■ Work request
Copying exactly, give the lines in the material below from the one with "#45=ORIENTED_EDGE('',*,*,#44,.T.);" to the one with "#65=LINE('',#64,#63);", ends included, and nothing besides.

Exercise input Block Start

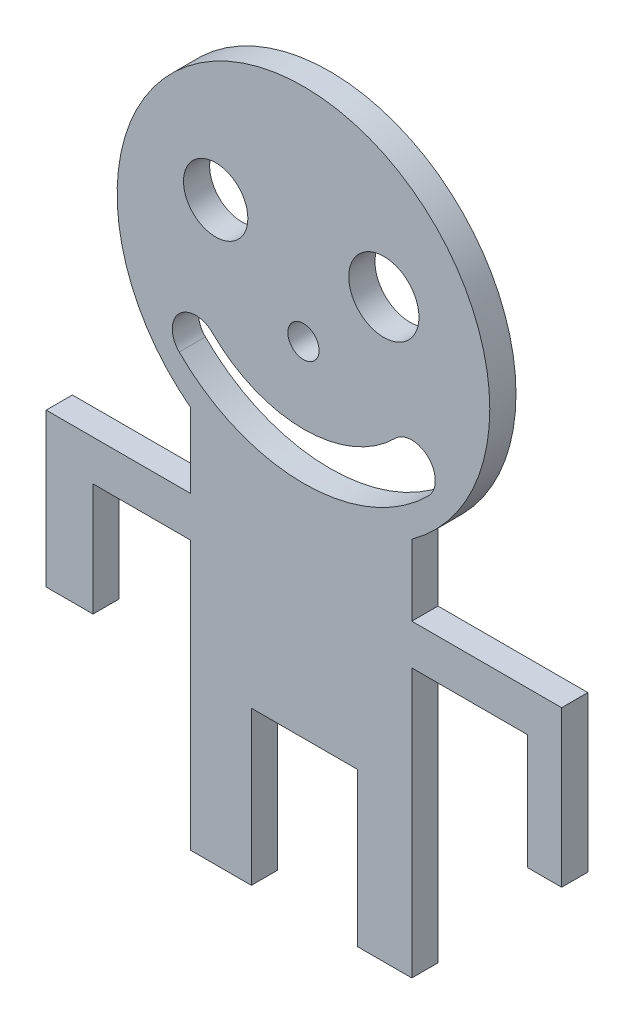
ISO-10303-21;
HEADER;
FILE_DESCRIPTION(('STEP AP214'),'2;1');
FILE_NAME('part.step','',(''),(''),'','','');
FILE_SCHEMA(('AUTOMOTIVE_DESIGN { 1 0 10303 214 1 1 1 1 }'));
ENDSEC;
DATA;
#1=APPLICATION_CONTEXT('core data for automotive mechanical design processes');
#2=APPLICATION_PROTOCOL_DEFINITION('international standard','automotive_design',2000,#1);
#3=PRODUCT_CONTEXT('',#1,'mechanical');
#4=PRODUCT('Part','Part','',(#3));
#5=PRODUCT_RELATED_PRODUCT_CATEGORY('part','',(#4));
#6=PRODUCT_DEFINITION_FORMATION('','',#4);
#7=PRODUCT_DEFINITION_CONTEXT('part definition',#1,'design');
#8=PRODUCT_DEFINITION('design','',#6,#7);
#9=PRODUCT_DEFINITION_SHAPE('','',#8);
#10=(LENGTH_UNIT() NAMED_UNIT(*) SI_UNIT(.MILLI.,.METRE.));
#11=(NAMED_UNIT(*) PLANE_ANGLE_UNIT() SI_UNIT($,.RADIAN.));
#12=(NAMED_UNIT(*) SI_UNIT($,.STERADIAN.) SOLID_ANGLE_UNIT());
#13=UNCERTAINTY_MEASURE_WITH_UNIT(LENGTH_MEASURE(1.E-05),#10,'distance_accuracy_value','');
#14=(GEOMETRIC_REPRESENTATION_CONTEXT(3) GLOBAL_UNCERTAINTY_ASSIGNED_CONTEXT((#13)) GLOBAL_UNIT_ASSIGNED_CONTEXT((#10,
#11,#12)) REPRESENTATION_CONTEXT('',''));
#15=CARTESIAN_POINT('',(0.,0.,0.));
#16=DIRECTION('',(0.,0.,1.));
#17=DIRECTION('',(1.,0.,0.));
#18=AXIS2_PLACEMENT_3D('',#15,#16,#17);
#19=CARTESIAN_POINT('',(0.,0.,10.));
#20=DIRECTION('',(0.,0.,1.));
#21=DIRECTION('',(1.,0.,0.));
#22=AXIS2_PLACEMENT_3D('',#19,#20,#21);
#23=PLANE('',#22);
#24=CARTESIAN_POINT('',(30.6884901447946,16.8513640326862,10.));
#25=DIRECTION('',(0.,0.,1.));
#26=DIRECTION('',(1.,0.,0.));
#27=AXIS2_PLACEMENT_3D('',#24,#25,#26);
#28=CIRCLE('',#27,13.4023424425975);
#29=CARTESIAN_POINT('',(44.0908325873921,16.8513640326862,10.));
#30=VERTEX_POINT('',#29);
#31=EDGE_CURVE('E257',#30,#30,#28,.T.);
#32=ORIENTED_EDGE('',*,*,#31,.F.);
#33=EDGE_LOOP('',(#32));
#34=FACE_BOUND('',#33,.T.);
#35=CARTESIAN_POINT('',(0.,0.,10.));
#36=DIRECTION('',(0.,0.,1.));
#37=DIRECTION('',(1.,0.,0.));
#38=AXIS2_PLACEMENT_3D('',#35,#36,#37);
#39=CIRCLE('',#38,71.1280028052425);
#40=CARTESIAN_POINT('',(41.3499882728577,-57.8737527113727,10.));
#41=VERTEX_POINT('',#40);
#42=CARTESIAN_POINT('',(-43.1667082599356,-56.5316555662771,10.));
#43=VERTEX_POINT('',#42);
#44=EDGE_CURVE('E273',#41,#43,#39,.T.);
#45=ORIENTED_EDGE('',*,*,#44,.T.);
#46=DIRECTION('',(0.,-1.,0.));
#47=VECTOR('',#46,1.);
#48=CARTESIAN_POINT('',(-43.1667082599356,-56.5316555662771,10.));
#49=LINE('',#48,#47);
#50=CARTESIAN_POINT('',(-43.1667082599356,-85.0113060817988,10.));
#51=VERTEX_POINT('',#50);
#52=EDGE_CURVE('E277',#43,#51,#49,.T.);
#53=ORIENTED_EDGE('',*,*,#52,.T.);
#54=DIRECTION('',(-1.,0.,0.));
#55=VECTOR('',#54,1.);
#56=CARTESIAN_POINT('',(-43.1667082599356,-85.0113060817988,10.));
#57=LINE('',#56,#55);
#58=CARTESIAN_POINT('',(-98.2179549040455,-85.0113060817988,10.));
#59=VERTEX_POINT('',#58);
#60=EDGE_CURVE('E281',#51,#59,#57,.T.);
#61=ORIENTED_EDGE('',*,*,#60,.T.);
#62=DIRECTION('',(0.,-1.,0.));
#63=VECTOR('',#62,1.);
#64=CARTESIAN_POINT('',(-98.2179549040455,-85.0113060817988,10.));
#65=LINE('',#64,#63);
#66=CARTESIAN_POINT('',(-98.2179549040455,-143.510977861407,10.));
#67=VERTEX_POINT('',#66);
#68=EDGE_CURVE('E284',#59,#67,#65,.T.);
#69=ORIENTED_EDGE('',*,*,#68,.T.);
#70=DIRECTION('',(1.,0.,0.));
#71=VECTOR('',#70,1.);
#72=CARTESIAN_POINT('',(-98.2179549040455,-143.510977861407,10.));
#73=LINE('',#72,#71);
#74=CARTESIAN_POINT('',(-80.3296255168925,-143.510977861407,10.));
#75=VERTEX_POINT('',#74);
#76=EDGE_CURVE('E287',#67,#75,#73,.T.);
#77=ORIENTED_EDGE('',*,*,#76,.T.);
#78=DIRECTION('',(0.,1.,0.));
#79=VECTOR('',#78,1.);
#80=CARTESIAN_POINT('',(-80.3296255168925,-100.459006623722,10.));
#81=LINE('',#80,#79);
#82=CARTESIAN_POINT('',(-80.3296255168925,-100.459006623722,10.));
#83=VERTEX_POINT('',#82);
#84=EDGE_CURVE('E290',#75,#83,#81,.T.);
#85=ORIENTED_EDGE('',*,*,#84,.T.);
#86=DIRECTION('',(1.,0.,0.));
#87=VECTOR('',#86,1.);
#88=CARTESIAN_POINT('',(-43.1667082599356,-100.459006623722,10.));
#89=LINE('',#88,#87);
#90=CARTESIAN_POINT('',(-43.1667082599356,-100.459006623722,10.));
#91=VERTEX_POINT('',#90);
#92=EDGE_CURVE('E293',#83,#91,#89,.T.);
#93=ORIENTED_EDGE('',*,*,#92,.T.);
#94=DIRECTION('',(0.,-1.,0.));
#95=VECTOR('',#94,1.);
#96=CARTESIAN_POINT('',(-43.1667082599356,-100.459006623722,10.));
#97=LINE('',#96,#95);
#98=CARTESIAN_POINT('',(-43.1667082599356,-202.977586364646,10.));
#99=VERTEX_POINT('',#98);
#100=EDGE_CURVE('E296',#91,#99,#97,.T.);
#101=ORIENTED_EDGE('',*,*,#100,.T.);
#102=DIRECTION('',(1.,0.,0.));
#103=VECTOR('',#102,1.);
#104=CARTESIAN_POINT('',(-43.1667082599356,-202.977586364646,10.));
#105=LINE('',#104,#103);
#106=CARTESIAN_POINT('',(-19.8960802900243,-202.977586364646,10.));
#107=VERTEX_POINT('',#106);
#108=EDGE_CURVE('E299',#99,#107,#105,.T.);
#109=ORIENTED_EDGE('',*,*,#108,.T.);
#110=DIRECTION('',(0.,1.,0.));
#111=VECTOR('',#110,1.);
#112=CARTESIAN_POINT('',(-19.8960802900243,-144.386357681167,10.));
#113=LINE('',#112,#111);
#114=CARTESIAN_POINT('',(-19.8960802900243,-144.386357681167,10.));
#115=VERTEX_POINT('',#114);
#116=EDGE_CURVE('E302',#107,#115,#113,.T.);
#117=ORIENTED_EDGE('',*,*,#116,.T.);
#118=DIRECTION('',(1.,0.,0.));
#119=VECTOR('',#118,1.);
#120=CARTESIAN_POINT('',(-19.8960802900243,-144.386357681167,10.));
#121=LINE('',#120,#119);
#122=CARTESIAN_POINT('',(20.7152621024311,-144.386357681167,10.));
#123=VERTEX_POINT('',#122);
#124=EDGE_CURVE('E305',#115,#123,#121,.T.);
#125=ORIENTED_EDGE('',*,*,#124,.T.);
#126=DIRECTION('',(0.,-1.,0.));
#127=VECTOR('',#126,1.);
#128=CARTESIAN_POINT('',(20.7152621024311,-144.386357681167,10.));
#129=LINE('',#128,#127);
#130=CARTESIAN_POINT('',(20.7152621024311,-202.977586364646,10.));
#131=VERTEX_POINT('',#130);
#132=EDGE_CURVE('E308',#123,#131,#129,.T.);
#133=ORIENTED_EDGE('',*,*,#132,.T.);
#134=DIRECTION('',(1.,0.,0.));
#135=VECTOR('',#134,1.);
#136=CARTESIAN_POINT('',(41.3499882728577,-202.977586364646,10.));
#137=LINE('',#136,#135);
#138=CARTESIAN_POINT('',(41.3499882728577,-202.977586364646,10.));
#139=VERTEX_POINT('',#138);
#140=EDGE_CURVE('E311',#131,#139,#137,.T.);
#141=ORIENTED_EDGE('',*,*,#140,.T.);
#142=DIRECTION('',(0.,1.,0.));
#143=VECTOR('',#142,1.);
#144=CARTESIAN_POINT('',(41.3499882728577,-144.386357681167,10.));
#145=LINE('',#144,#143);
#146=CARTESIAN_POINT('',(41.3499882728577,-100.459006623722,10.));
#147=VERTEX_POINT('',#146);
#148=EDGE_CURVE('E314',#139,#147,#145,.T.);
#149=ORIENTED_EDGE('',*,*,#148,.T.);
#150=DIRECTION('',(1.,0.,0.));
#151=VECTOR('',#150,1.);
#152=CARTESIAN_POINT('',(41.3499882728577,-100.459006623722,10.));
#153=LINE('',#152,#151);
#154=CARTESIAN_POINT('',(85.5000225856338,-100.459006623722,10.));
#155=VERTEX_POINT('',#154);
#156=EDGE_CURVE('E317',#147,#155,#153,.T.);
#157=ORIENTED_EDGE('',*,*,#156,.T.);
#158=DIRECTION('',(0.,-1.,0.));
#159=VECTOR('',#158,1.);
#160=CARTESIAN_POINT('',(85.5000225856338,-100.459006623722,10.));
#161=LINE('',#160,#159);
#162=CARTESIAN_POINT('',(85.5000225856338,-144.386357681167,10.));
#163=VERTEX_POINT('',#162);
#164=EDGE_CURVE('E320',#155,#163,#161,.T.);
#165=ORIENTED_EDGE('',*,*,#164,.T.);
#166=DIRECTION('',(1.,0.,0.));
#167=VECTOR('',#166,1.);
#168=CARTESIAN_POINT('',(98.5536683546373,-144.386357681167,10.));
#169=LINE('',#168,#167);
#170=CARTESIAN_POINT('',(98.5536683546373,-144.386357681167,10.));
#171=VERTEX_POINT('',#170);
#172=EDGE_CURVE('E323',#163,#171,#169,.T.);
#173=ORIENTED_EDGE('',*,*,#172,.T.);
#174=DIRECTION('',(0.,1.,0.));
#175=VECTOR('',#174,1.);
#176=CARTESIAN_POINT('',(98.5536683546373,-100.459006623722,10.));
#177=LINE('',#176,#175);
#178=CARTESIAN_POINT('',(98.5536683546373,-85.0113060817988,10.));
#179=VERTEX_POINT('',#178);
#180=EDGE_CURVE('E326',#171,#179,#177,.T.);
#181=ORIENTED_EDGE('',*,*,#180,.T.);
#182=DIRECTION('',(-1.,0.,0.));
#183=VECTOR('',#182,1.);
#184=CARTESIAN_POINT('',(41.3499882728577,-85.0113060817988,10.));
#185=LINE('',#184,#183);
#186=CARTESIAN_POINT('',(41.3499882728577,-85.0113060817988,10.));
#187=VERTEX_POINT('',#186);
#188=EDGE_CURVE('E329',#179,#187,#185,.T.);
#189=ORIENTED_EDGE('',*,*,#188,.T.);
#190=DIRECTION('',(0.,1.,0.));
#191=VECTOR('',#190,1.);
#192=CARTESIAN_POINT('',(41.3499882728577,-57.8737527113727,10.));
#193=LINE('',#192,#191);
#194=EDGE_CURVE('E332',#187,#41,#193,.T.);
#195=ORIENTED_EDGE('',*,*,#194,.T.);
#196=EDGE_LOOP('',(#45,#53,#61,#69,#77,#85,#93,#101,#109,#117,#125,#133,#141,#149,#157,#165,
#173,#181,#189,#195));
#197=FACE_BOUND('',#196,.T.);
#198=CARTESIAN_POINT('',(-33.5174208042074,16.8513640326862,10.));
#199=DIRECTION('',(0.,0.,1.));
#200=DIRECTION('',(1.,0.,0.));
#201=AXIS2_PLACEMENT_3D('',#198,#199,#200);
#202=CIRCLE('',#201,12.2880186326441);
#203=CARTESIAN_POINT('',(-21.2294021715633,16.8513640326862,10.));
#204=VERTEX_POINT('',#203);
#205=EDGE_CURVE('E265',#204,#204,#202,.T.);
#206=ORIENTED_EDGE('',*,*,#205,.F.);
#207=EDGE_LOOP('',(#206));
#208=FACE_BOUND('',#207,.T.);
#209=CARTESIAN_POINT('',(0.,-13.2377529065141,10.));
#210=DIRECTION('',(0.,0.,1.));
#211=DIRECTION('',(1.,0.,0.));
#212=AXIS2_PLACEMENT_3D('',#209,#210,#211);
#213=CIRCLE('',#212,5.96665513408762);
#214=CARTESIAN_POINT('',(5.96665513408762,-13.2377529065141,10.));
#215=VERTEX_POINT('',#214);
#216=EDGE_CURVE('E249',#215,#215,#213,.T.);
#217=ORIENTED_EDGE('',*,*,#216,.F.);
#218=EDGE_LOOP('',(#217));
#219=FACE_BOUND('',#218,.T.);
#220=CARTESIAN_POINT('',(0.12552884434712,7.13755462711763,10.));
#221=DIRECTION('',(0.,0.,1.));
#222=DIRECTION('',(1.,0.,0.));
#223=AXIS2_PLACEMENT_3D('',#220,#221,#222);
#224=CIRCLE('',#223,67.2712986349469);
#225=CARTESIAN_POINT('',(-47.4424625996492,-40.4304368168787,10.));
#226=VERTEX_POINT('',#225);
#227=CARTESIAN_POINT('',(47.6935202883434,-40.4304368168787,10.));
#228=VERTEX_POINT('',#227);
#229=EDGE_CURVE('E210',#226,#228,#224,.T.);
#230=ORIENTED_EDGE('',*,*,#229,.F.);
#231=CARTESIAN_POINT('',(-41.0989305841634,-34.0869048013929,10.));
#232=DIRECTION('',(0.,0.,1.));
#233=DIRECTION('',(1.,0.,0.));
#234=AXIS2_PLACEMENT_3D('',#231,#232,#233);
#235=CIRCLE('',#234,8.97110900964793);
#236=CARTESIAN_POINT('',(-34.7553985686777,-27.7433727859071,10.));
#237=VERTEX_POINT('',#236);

Exercise input Block End

■ Finished exercise
#45=ORIENTED_EDGE('',*,*,#44,.T.);
#46=DIRECTION('',(0.,-1.,0.));
#47=VECTOR('',#46,1.);
#48=CARTESIAN_POINT('',(-43.1667082599356,-56.5316555662771,10.));
#49=LINE('',#48,#47);
#50=CARTESIAN_POINT('',(-43.1667082599356,-85.0113060817988,10.));
#51=VERTEX_POINT('',#50);
#52=EDGE_CURVE('E277',#43,#51,#49,.T.);
#53=ORIENTED_EDGE('',*,*,#52,.T.);
#54=DIRECTION('',(-1.,0.,0.));
#55=VECTOR('',#54,1.);
#56=CARTESIAN_POINT('',(-43.1667082599356,-85.0113060817988,10.));
#57=LINE('',#56,#55);
#58=CARTESIAN_POINT('',(-98.2179549040455,-85.0113060817988,10.));
#59=VERTEX_POINT('',#58);
#60=EDGE_CURVE('E281',#51,#59,#57,.T.);
#61=ORIENTED_EDGE('',*,*,#60,.T.);
#62=DIRECTION('',(0.,-1.,0.));
#63=VECTOR('',#62,1.);
#64=CARTESIAN_POINT('',(-98.2179549040455,-85.0113060817988,10.));
#65=LINE('',#64,#63);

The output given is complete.